The task: When you reach the line in the data below that contains "Line((8.431217195, -0.140182328), (7.131217195, -0.140182328))", please start repeating lines exactly, and stop after the line that contains "-1.440182328), (7.131217195, -2.740182328))", repeating nothing else.

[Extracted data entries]
++++++++++
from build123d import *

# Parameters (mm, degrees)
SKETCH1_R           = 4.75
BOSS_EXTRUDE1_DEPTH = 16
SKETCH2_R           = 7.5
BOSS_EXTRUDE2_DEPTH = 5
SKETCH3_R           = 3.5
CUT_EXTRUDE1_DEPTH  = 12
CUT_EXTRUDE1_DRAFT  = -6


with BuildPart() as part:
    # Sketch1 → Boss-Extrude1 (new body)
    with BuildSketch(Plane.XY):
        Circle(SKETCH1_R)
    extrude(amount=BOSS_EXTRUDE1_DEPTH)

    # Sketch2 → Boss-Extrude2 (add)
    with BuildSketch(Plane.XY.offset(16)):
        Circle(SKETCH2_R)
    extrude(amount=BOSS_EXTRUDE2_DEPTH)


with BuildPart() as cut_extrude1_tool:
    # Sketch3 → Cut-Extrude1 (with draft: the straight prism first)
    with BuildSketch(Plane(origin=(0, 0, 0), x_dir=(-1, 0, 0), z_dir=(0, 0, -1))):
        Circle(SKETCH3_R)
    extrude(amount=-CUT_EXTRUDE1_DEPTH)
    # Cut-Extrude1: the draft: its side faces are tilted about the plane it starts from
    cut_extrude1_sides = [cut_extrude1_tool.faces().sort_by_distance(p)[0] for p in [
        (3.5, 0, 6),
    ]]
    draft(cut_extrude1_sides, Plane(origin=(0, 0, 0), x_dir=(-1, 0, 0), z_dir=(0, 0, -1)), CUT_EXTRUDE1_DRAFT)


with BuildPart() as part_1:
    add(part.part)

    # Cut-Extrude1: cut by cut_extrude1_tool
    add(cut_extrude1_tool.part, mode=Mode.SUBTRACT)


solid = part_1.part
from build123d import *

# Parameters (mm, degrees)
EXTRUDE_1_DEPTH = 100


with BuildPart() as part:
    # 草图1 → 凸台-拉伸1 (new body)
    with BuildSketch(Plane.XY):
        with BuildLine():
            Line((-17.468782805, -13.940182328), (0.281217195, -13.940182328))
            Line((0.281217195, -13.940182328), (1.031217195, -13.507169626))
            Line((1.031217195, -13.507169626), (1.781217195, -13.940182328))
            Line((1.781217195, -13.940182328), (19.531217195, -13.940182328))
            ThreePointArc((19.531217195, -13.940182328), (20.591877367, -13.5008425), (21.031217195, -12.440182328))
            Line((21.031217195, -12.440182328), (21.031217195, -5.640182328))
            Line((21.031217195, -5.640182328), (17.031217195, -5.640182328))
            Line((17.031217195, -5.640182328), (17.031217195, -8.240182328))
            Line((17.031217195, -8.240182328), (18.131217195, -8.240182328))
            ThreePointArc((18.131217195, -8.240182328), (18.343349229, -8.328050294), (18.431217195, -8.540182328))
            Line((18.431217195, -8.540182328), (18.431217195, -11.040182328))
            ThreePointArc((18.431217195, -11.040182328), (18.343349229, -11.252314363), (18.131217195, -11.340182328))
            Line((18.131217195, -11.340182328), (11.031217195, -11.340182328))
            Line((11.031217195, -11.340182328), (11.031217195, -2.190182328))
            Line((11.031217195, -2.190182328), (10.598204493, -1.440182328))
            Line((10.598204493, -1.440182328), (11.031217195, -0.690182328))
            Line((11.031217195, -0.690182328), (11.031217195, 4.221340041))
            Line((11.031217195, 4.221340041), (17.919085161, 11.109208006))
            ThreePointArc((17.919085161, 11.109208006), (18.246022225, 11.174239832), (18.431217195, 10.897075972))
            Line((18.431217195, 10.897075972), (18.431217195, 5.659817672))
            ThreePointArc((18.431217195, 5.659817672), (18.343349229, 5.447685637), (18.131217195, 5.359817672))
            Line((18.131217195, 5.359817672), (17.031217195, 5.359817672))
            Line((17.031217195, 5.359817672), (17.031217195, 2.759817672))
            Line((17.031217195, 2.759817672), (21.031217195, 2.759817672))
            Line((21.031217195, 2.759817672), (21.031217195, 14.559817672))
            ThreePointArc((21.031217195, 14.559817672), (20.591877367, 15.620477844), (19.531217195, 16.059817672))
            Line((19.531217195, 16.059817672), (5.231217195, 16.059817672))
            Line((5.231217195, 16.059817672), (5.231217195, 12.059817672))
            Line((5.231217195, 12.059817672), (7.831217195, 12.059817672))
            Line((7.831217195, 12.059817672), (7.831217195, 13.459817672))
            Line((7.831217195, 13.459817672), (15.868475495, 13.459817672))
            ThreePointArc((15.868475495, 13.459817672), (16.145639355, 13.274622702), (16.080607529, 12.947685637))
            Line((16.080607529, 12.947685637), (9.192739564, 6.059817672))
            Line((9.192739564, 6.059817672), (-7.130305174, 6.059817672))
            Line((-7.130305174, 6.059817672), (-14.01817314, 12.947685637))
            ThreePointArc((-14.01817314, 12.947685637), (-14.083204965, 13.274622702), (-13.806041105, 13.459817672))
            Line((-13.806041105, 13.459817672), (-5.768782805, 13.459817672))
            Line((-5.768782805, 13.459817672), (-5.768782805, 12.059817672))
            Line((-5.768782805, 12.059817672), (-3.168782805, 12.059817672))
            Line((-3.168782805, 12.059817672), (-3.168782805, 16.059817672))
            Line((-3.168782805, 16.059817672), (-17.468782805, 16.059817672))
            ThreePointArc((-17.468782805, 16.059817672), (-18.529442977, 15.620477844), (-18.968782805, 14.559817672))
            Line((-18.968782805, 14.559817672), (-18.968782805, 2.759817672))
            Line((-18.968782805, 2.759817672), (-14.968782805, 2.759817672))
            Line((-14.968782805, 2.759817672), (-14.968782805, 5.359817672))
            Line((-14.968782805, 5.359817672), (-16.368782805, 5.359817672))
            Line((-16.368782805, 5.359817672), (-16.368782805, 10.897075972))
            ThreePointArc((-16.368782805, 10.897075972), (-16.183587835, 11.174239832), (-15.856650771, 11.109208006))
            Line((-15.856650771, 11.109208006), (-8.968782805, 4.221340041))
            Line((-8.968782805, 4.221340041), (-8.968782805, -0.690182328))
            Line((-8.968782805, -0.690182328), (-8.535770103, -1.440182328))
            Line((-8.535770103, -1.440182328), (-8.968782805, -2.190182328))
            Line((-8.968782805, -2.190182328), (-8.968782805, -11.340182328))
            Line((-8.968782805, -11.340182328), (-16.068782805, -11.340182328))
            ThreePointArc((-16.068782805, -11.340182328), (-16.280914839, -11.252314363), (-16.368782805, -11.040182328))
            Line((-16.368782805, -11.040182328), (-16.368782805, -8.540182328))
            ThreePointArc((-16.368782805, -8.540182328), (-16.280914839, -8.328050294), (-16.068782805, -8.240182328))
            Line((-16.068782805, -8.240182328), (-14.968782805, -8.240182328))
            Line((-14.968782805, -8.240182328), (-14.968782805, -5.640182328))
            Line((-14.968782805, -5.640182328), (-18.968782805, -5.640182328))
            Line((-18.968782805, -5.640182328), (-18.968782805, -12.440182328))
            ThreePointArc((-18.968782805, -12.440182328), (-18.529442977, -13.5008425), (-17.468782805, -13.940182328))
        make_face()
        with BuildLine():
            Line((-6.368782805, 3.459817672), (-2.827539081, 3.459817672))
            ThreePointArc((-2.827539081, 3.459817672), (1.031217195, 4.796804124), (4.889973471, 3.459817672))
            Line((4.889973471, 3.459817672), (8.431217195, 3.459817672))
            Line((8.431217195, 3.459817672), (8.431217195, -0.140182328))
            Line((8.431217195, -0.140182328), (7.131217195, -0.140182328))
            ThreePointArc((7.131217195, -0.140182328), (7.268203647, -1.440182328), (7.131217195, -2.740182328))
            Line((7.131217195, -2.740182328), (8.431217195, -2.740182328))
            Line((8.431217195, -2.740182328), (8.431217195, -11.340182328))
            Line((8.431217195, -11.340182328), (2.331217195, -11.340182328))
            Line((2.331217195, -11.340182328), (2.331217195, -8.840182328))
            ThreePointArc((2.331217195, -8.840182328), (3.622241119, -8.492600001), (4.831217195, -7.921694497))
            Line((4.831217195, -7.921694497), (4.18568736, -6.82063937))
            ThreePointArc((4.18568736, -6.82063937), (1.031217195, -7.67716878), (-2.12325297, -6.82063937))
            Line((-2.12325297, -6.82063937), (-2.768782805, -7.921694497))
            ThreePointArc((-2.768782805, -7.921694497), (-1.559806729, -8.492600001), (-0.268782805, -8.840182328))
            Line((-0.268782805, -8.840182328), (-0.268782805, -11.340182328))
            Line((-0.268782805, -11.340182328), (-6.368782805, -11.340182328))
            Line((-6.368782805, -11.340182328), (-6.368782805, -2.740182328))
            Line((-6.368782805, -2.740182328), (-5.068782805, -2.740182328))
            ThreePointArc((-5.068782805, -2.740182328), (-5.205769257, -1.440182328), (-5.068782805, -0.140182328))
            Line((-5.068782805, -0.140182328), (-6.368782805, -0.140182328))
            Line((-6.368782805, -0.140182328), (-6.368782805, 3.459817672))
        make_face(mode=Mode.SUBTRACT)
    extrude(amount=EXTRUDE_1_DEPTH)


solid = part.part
++++++++++
Reply to the task:
            Line((8.431217195, -0.140182328), (7.131217195, -0.140182328))
            ThreePointArc((7.131217195, -0.140182328), (7.268203647, -1.440182328), (7.131217195, -2.740182328))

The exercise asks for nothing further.